«E la sinistra dimenticò la giustizia» è il titolo di un servizio di Left sul tema “giustizia”. L’inserto settimanale dell‘Unità dedica la copertina al rapporto fra sinistra e magistratura, con due pezzi a firma di Donatella Coccoli e Rocco Vazzana. Che cosa dicono? Che la sinistra ha dimenticato la giustizia e che nella magistratura si assiste a una deriva partitocratica.
SINISTRA MANETTARA. Secondo il penalista Luigi Ferrajoli, uno dei padri di Magistratura democratica, una «parte della sinistra» ha rinunciato alla sua «cultura garantista» e «a una tradizione di tutela del più debole nei confronti della repressione, del sopruso, dell’abuso del potere giudiziario e anche di quello poliziesco», arrivando ad assumere, in certi casi, un «atteggiamento subalterno nei confronti del potere giudiziario». La sinistra si è «arroccata» in una posizione immobilista sulla questione giustizia non solo a causa di Silvio Berlusconi, spiega a Left, Salvatore Lupo, docente di storia contemporanea, ma anche di una parte della sinistra «non tanto quella parlamentare, ufficiale, quanto quella di opinione, costituita per esempio dalle dalla rete di organizzazioni per la legalità e l’antimafia», che ha preferito, spiega Coccoli, giornalista di Left, fornire «una sorta di delega al potere giudiziario».
MAGISTRATO MISSIONARIO. Con tangentopoli, «la figura del magistrato per i cittadini – spettatori dei processi-gogna in tv degli anni 90 – assume una funzione quasi salvifica», prosegue la giornalista di Left. «La battaglia legale contro la corruzione – mai combattuta prima di allora in modo così intenso – arriva a fare del pubblico ministero una specie di missionario». Valerio Spigarelli, presidente delle Unione camere penali, dice a Left che in quel periodo,«oltre alla perdita dell’identità garantista ed egualitaria, si fa strada una visione della legalità che per certi aspetti addirittura ricalca il modello della destra». «Cambia l’approccio culturale della sinistra e la parola d’ordine diventa “law and order”, lo slogan dei conservatori».

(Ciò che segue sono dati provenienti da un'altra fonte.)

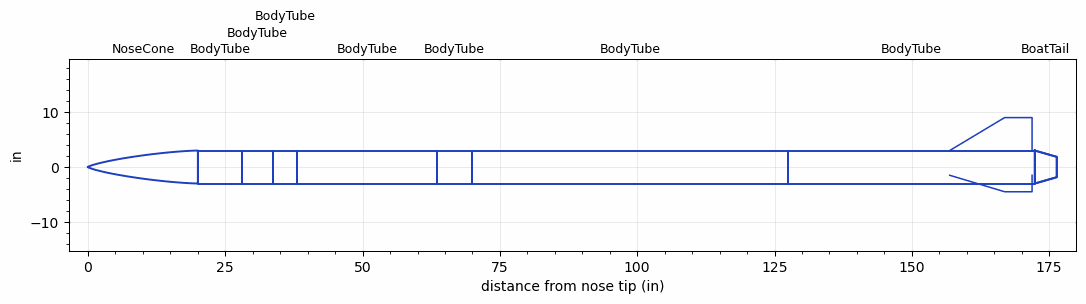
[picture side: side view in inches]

<RASAeroDocument>
 <FileVersion>2</FileVersion>
 <RocketDesign>
  <NoseCone>
   <Length>20</Length>
   <Diameter>6</Diameter>
   <Shape>Von Karman Ogive</Shape>
   <Location>0</Location>
  </NoseCone>
  <BodyTube>
   <Length>8</Length>
   <Diameter>6</Diameter>
   <Location>20</Location>
  </BodyTube>
  <BodyTube>
   <Length>5.7</Length>
   <Diameter>6</Diameter>
   <Location>28</Location>
  </BodyTube>
  <BodyTube>
   <Length>4.31</Length>
   <Diameter>6</Diameter>
   <Location>33.7</Location>
  </BodyTube>
  <BodyTube>
   <Length>25.5</Length>
   <Diameter>6</Diameter>
   <Location>38.01</Location>
  </BodyTube>
  <BodyTube>
   <Length>6.38</Length>
   <Diameter>6</Diameter>
   <Location>63.51</Location>
  </BodyTube>
  <BodyTube>
   <Length>57.56</Length>
   <Diameter>6</Diameter>
   <Location>69.89</Location>
  </BodyTube>
  <BodyTube>
   <Length>44.95</Length>
   <Diameter>6</Diameter>
   <Location>127.45</Location>
   <BoattailLength>4</BoattailLength>
   <BoattailRearDiameter>3.706</BoattailRearDiameter>
   <Fin>
    <Count>3</Count>
    <Chord>15</Chord>
    <Span>6</Span>
    <SweepDistance>10</SweepDistance>
    <TipChord>5</TipChord>
    <Thickness>0.5</Thickness>
    <Location>15.5</Location>
    <AirfoilSection>Double Wedge</AirfoilSection>
    <FX1>5</FX1>
    <FX3>1</FX3>
   </Fin>
  </BodyTube>
  <BoatTail>
   <Length>4</Length>
   <Diameter>6</Diameter>
   <RearDiameter>3.706</RearDiameter>
   <Location>172.4</Location>
  </BoatTail>
  <Surface>Smooth Paint</Surface>
  <ModifiedBarrowman>True</ModifiedBarrowman>
  <Turbulence>False</Turbulence>
  <UseBooster1>False</UseBooster1>
  <UseBooster2>False</UseBooster2>
 </RocketDesign>
 <LaunchSite>
  <Altitude>295</Altitude>
  <Pressure>30</Pressure>
  <RodAngle>0</RodAngle>
  <RodLength>30</RodLength>
  <Temperature>74</Temperature>
  <WindSpeed>10</WindSpeed>
 </LaunchSite>
 <Recovery>
  <Altitude1>1000</Altitude1>
  <Altitude2>1000</Altitude2>
  <DeviceType1>None</DeviceType1>
  <DeviceType2>None</DeviceType2>
  <Event1>False</Event1>
  <Event2>False</Event2>
  <Size1>1</Size1>
  <Size2>1</Size2>
  <EventType1>None</EventType1>
  <EventType2>None</EventType2>
  <CD1>1.33</CD1>
  <CD2>1.33</CD2>
 </Recovery>
 <SimulationList>
  <Simulation>
   <SustainerEngine>EngineTestDR  (TAMUSRT)</SustainerEngine>
   <SustainerLaunchWt>124.29</SustainerLaunchWt>
   <SustainerNozzleDiameter>2.84</SustainerNozzleDiameter>
   <SustainerCG>110.18</SustainerCG>
   <SustainerIgnitionDelay>0</SustainerIgnitionDelay>
   <Booster1SeparationDelay>0</Booster1SeparationDelay>
   <Booster1IgnitionDelay>0</Booster1IgnitionDelay>
   <IncludeBooster1>False</IncludeBooster1>
   <Booster2Delay>0</Booster2Delay>
   <IncludeBooster2>False</IncludeBooster2>
   <TimetoApogee>55.70666</TimetoApogee>
   <MaxAltitude>45396.53</MaxAltitude>
   <MaxVelocity>1677.034</MaxVelocity>
  </Simulation>
 </SimulationList>
</RASAeroDocument>
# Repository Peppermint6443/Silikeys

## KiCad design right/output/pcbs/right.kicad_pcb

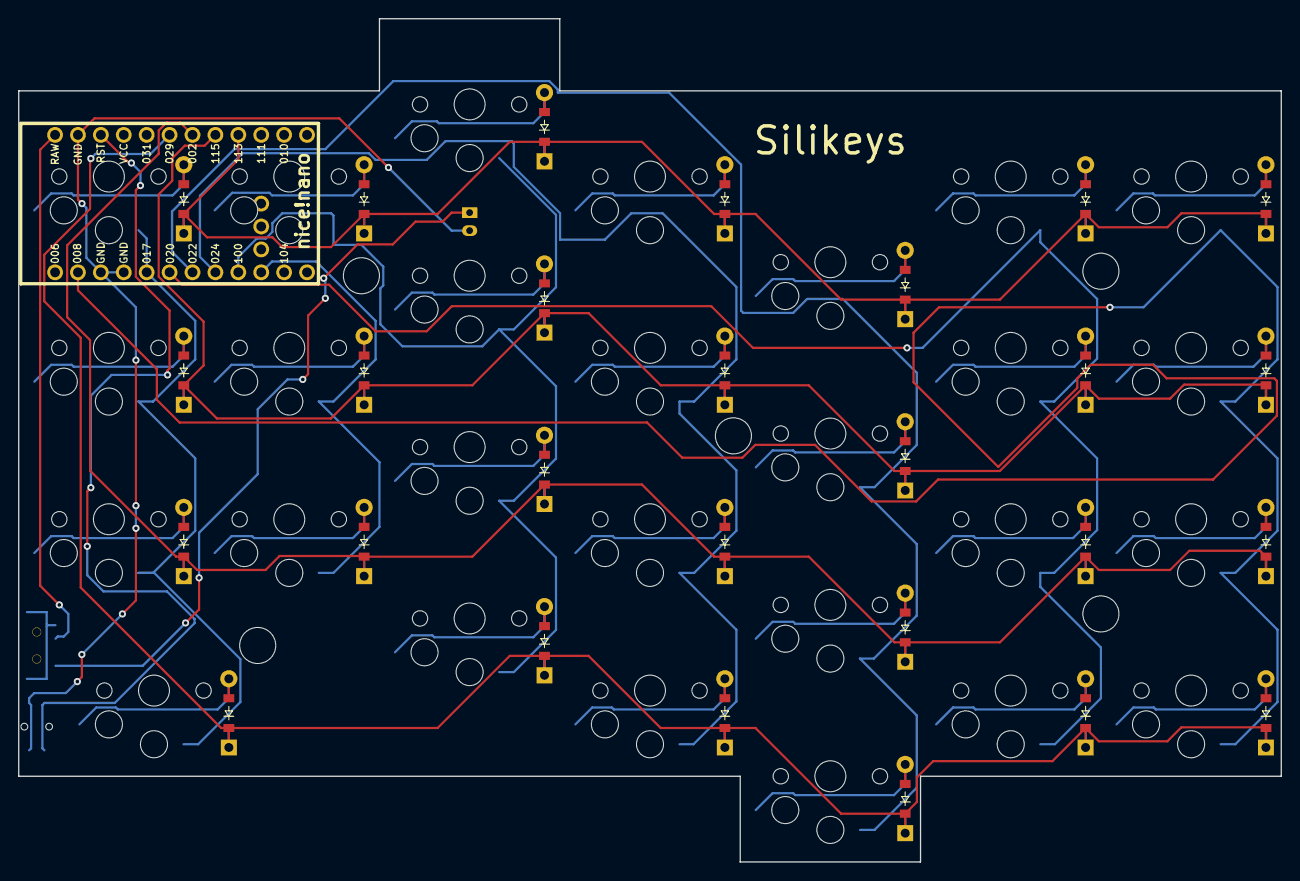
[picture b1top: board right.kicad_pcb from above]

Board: 2 copper layers, 140.0 x 93.5 mm, 58 parts (0 on the bottom side), 42 nets.

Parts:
B1: Panasonic_EVQPUL_EVQPUC
D1, D2, D3, D4, D5, D6, D7, D8, D9, D10, D11, D12, D13, D14, D15, D16, D17, D18, D19, D20, D21, D22, D23, D24, D25, D26, D27: ComboDiode
JST1: JST_PH_S2B-PH-K_02x2.00mm_Angled
MCU1: nice_nano
S1, S2, S3, S4, S5, S6, S7, S8, S9, S10, S11, S12, S13, S14, S15, S16, S17, S18, S19, S20, S21, S22, S23, S24, S25, S26, S27: PG1350
T1: SPDT_C128955

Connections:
GND: B1.1, JST1.2, MCU1.3, MCU1.4, MCU1.23
P002: D1.1, D5.1, D9.1, D13.1, D17.1, D21.1, D25.1, MCU1.18
P008: MCU1.2, S24.1, S25.1, S26.1, S27.1
P011: MCU1.10, S5.1, S6.1, S7.1
P017: MCU1.5, S1.1, S2.1, S3.1, S4.1
P020: MCU1.6, S20.1, S21.1, S22.1, S23.1
P022: MCU1.7, S16.1, S17.1, S18.1, S19.1
P024: MCU1.8, S12.1, S13.1, S14.1, S15.1
P029: D4.1, D8.1, D12.1, D16.1, D20.1, D24.1, MCU1.19
P100: MCU1.9, S8.1, S9.1, S10.1, S11.1
P113: D3.1, D7.1, D11.1, D15.1, D19.1, D23.1, D27.1, MCU1.16
P115: D2.1, D6.1, D10.1, D14.1, D18.1, D22.1, D26.1, MCU1.17
RAW: MCU1.24, T1.2
RST: B1.2, MCU1.22
apos_down: D21.2, S21.2
apos_home: D22.2, S22.2
apos_up: D23.2, S23.2
apos_utility: D20.2, S20.2
enter_down: D25.2, S25.2
enter_home: D26.2, S26.2
enter_up: D27.2, S27.2
enter_utility: D24.2, S24.2
h_anchor: D4.2, S4.2
h_down: D1.2, S1.2
h_home: D2.2, S2.2
h_up: D3.2, S3.2
j_down: D5.2, S5.2
j_home: D6.2, S6.2
j_up: D7.2, S7.2
k_down: D9.2, S9.2
k_home: D10.2, S10.2
k_up: D11.2, S11.2
k_utility: D8.2, S8.2
l_down: D13.2, S13.2
l_home: D14.2, S14.2
l_up: D15.2, S15.2
l_utility: D12.2, S12.2
pos: JST1.1, T1.1
semi_down: D17.2, S17.2
semi_home: D18.2, S18.2
semi_up: D19.2, S19.2
semi_utility: D16.2, S16.2

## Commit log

2025-01-15 initial commit, adding my files to the new repository
2025-01-15 started the new pcb for the left side
2025-01-17 added right, numbers, and altered left a little bit. I tweaked the location of the nice nano, all need to be retraced
2025-01-17 remove all pcb files for a clean slate

MAGISTRATURA PARTITOCRATICA. Left denuncia non solo l’immobilismo di una parte della sinistra ma anche quello delle toghe. Fra i magistrati, denuncia il settimanale di sinistra, c’è «un immobilismo “partitocratico” che rischia di ripercuotersi sui cittadini» ed «è sempre più difficile negare che i magistrati rispondano spesso a logiche puramente correntizie». «Chiunque – osserva Left – potrebbe essere giudicato da un magistrato promosso per fedeltà all’area di appartenenza, non per meriti». «È il bello dell’autogoverno – prosegue il settimanale di sinistra – un sistema concepito per garantire autonomia e indipendenza dalla politica. Una prerogativa costituzionale. L’autogoverno, che se mal governata rischia di diventare causa di possibili arbitrii».
Per fare un esempio, il settimanle ricorda la mail del togato Francesco Vigorito, membro del Csm in quota Area (Magistratura democratica) che nel 2012 rese pubblica per sbaglio una mail su una nomina. «In quella mail – ricorda Left – Vigorito si rammaricava per aver promosso una candidata interna alla corrente a svantaggio di un magistrato più esperto e titolato». Da ultimo, il settimanale ricorda il pasticcio della nomina di Franco Roberti a capo della Dna, finita con un ricorso al Tar da parte del concorrente Vincenzo Macrì. Motivo del ricorso? Uno sbaglio grossolano del Csm: le «referenze di uno dei due candidati (Macrì, ndr) scomparse dal tavolo della commissione esaminatrice».
INGROIA VS FIANDACA. Anche il senatore Pd, Luciano Violante, ha ribadito ieri in un’intervista al Corriere della Sera, che sulla giustizia, «in questi 20 anni c’è stato un blocco ideologico, anche alimentato da una pressione elitario-borghese esterna al Parlamento, che ha teorizzato: “Con Berlusconi non si fa nulla”, “con la destra non si tocca nulla”». La polemica fra sinistra garantista e sinistra “manettara”, si interseca a quella su Giovanni Fiandaca, giurista penale, candidato alle europee dal Partito Democratico e accusato da Antonio Ingroia, ex pm e leader di Rivoluzione Civile, di essere un «uno dei principali giustificazionisti della trattativa stato-mafia».